Thesis: Joint demosaicing and unmixing of multispectral images

I did my thesis in the LISIC lab at ULCO University under the supervision of Prof. Matthieu Puigt and Prof. Gilles Roussel.

In this work, we consider images sensed by a miniaturized multispectral (MS) snapshot camera. Contrary to classical RGB cameras, MS imaging allows for observing a scene on tens of different wavelengths, allowing a much more precise analysis of the observed content.

While most MS cameras require a scan to generate an image, snapshot MS cameras can instantaneously provide images or even videos. When the camera is miniaturized, instead of a 3D data cube, it gets a 2D image, each pixel being associated with a filtered version of the theoretical spectrum it should acquire. Post-processing, called “demosaicing”, is then necessary to reconstruct a data cube. Furthermore, in each pixel of the image, the observed spectrum can be considered as a mixture of spectra of pure materials present in the pixel. Estimating these spectra, named endmembers as well as their spatial distribution (named abundances), is called “unmixing’’. While a classical pipeline to process MS snapshot images is to first demosaice and then unmix the data, the work introduced in this thesis explores alternative strategies in which demosaicing and unmixing are jointly performed. Extending classical assumptions met in sparse component analysis and in remote sensing MS unmixing, we propose two different frameworks to restore and unmix the acquired scene, based on low-rank matrix completion and deconvolution, respectively, the latter being specifically designed for Fabry-Perot filters used in the considered camera. The four proposed methods exhibit a far better unmixing enhancement than the variants they extend when the latter are applied to demosaiced data. Still, they allow a similar demosaicing performance as state-of-the-art methods.

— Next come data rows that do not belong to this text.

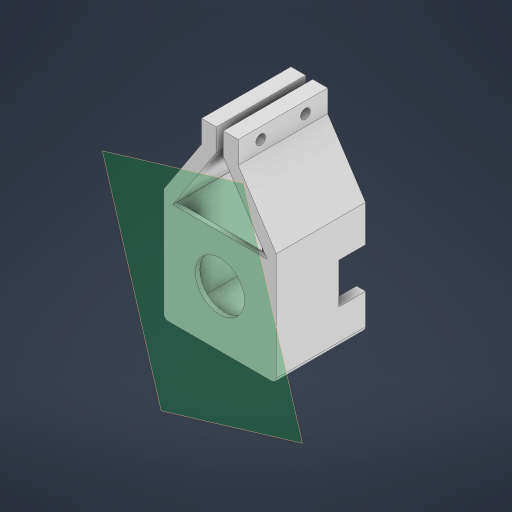
# Autodesk Inventor part: nema_brackets_and_lineguides
Saved by Autodesk Inventor 2024 (Build 280153000, 153)
## iProperties
Created: 2026-03-24
Part Number: nema_brackets_and_lineguides
Material: PET Plastic
Document SubType Name: Modeling
Designer: schar
Density: 1.541 g/cm^3
Appearance: Polycarbonate - Clear
Mass: 63.5811 g
Surface Area: 205.52 cm^2
Volume: 41.2597 cm^3
Author: schar
Autodesk Inventor part; units mm, degrees
ref_plane "YZ Plane" through (0, 0, 0) normal (1, 0, 0) x (0, 1, 0)
ref_plane "XZ Plane" through (0, 0, 0) normal (0, 1, 0) x (-1, 0, 0)
ref_plane "XY Plane" through (0, 0, 0) normal (0, 0, 1) x (1, 0, 0)
sketch "Sketch1" plane through (0, 0, 0) normal (0, 0, 1) x (1, 0, 0)
  line L0 (21.15, 2.975) -> (-21.15, 2.975)
  line L1 (-21.15, 2.975) -> (-21.15, -39.325)
  line L2 (-21.15, -39.325) -> (21.15, -39.325)
  line L3 (21.15, -39.325) -> (21.15, 2.975)
  line L4 (21.15, 2.975) -> (-21.15, -39.325) construction
  line L5 (-21.15, 2.975) -> (21.15, -39.325) construction
  line L6 (-25.15, 6.975) -> (25.15, 6.975)
  line L7 (25.15, 6.975) -> (25.15, -43.325)
  line L8 (25.15, -43.325) -> (-25.15, -43.325)
  line L9 (-25.15, -43.325) -> (-25.15, 6.975)
  line L10 (-25.15, 6.975) -> (25.15, -43.325) construction
  line L11 (25.15, 6.975) -> (-25.15, -43.325) construction
  line L12 (20.4961, 3.8233) -> (1.5, 32.825) projected
  line L13 (-1.5, 32.825) -> (-20.4961, 3.8233) projected
  line L14 (1.5, 32.825) -> (18.4317, 6.975)
  line L15 (-18.4317, 6.975) -> (-1.5, 32.825)
  line L16 (-25.15, 6.975) -> (-8.2183, 32.825)
  line L17 (0, 11.6716) -> (0, 114.7997)
  line L18 (25.15, 6.975) -> (8.2182, 32.825)
  line L19 (1.5, 32.825) -> (1.5, 42.825)
  line L20 (8.2182, 32.825) -> (8.2182, 42.825)
  line L21 (8.2182, 42.825) -> (1.5, 42.825)
  line L22 (-8.2183, 32.825) -> (-8.2183, 42.825)
  line L23 (-1.5, 32.825) -> (-1.5, 42.825)
  line L24 (-1.5, 42.825) -> (-8.2183, 42.825)
  line L25 (21.15, 2.975) -> (21.15, 6.975)
  line L26 (-21.15, 2.975) -> (-21.15, 6.975)
  line L27 (20.4961, 3.8233) -> (22.5003, 0.7634)
  line L28 (21.0517, 2.975) -> (21.15, 2.975)
  line L29 (-20.4961, 3.8233) -> (-22.8629, 0.2099)
  point P0 (0, 0)
  point P1 (0, -18.175)
  point P2 (-21.0517, 2.975)
  dimension "d0" = 42.3
  dimension "d1" = 42.3
  dimension "d2" = 50.3
  dimension "d3" = 50.3
  dimension "d4" = 10
  constraints: 56 end point, 10 point on line, 6 perpendicular, 5 parallel, 4 midpoint, 4 vertical, 3 collinear, 2 coincident, 2 horizontal, 1 symmetric about line, 3 other
  measures "d0" distance of L2.end L1.end
  measures "d1" distance of L1.end L0.end
  measures "d2" distance of L7.end L8.end
  measures "d3" distance of L6.end L7.end
  measures "d4" distance of L14.start L19.end
extrude "Extrusion1" add sketch "Sketch1" against normal blind 40 contours L25 L6 L7 L8 L9 L26 L1 L2 L3 | L0 L27 L12 L6 L25 | L6 L12 L19 L21 L20 L18 | L0 L26 L6 L13 L29 | L6 L16 L22 L24 L23 L13
sketch "Sketch2" plane through (25.15, -43.325, 0) normal (1, 0, 0) x (0, 0, -1)
  line L0 (30, 31.85) -> (31.6, 31.85)
  line L1 (30, 28.85) -> (30, 31.85)
  line L2 (30, 17.85) -> (30, 20.85)
  line L3 (31.6, 17.85) -> (30, 17.85)
  line L4 (39, 16.95) -> (36.4, 16.95)
  line L5 (39.4, 16.95) -> (39.4, 32.75)
  line L6 (39, 33.15) -> (36.4, 33.15)
  line L7 (31.6, 17.85) -> (31.6, 31.85)
  line L8 (31.6, 24.85) -> (40, 24.85)
  line L9 (40, 46.3) -> (40, 4)
  line L10 (40, 24.85) -> (40, 33.85)
  line L11 (40, 33.85) -> (28, 33.85)
  line L12 (28, 33.85) -> (28, 15.85)
  line L13 (28, 15.85) -> (40, 15.85)
  line L14 (40, 15.85) -> (40, 33.85)
  point P0 (0, 43.325)
  point P1 (40, 15.85)
extrude "Extrusion2" cut sketch "Sketch2" against normal up to surface (4 mm away)
ref_plane "Work Plane1" through (0, -18.475, 8) normal (0, 0, -1) x (0.9576506, 0.287933, 0)
fillet "Fillet1" radius 2 2 edges at (25.15, -43.325, -20) (-25.15, -43.325, -20)
sketch "Sketch20" plane through (8.2182, 32.825, 0) normal (1, 0, 0) x (0, 0, -1)
  line L0 (0, 0) -> (40, 0) projected
  line L1 (40, 0) -> (30, 0)
  line L2 (30, 0) -> (30, 5)
  line L3 (0, 10) -> (40, 10) projected
  line L4 (30, 5) -> (10, 5)
  circle A0 centre (30, 5) radius 2.15
  circle A1 centre (10, 5) radius 2.15
  point P0 (0, -32.825)
  dimension "d85" = 10
  dimension "d86" = 5
  dimension "d87" = 20
  dimension "d88" = 4.3
  dimension "d89" = 4.3
  constraints: 6 end point, 2 centre point, 2 coincident, 1 horizontal, 1 perpendicular, 1 point on line
  measures "d85" distance of L0.end L1.end
  measures "d86" distance of L1.end L2.end
  measures "d87" distance of L2.end L4.end
  measures "d88" diameter of A0
  measures "d89" diameter of A1
extrude "Extrusion18" cut sketch "Sketch20" against normal through all
sketch "Sketch21" plane through (0, 0, 0) normal (0, 0, 1) x (1, 0, 0)
  line L0 (-21.15, -39.325) -> (-21.15, 2.975) projected
  line L1 (21.15, -39.325) -> (-21.15, -39.325) projected
  line L2 (-21.15, 2.975) -> (21.15, 2.975)
  line L3 (21.15, 2.975) -> (21.15, -39.325)
  line L4 (21.15, -39.325) -> (-21.15, -39.325)
  line L5 (-21.15, -39.325) -> (-21.15, 2.975)
  line L6 (21.15, -39.325) -> (0, -39.325)
  line L7 (0, -39.325) -> (0, -18.175)
  line L8 (0, -18.175) -> (21.15, -18.175)
  line L9 (21.15, -18.175) -> (21.15, -39.325)
  circle A0 centre (0, -18.175) radius 11
  point P0 (0, 0)
  dimension "d92" = 22
  constraints: 16 end point, 4 parallel, 2 horizontal, 2 perpendicular, 1 centre point, 1 coincident
  measures "d92" diameter of A0
extrude "Extrusion19" add sketch "Sketch21" against normal blind 2 contours L0 L2 L3 L8 A0 L7 L1 | L7 A0 L8 L3 L1
body "Solid1"

The last part of the thesis introduces a deconvolution approach to restore the spectra of such cameras. Our contribution lies in the weights of the penalization term, which are automatically set using the entropy of the Fabry-Perot harmonics. The proposed method exhibits a better spectrum restoration than the strategy proposed by the camera manufacturer and than the classical deconvolution technique it extends.

SSI Image
SSI Image
PPID
PPID
GRMR
GRMR
KPWNMF
KPWNMF
VPWNMF
VPWNMF
FPKmeans
FPKmeans
FPVCA
FPVCA
Naive
Naive
Figure: Segmentation of a Hyko 2 database image for different unmixing methods. Demosaicing is applied to the SSI image, followed by the generation of abundance maps and subsequent segmentation. For the proposed methods (VPWNMF, KPWNMF, FPVCA, FPKmeans, and Naive), unmixing and demosaicing were jointly applied.

Master’s Work: Evaluating Fog Computing Scheduling and Placement Algorithms.

My Master’s degree in Computer Engineering / Networks and Computer Systems was completed at Latakia University( Tishreen University before 2025), Latakia, Syria, following a one-year coursework phase and two years of research, a standard path before pursuing a PhD in the country. My research focused on Fog Computing technologies, specifically evaluating algorithms for placement and scheduling of real-time IoT applications. The methods were tested in a simulated smart city, where analysis of eight placement policies demonstrated that HAFA and iFogStor-G approaches provided optimal service times and reduced cloud processor usage.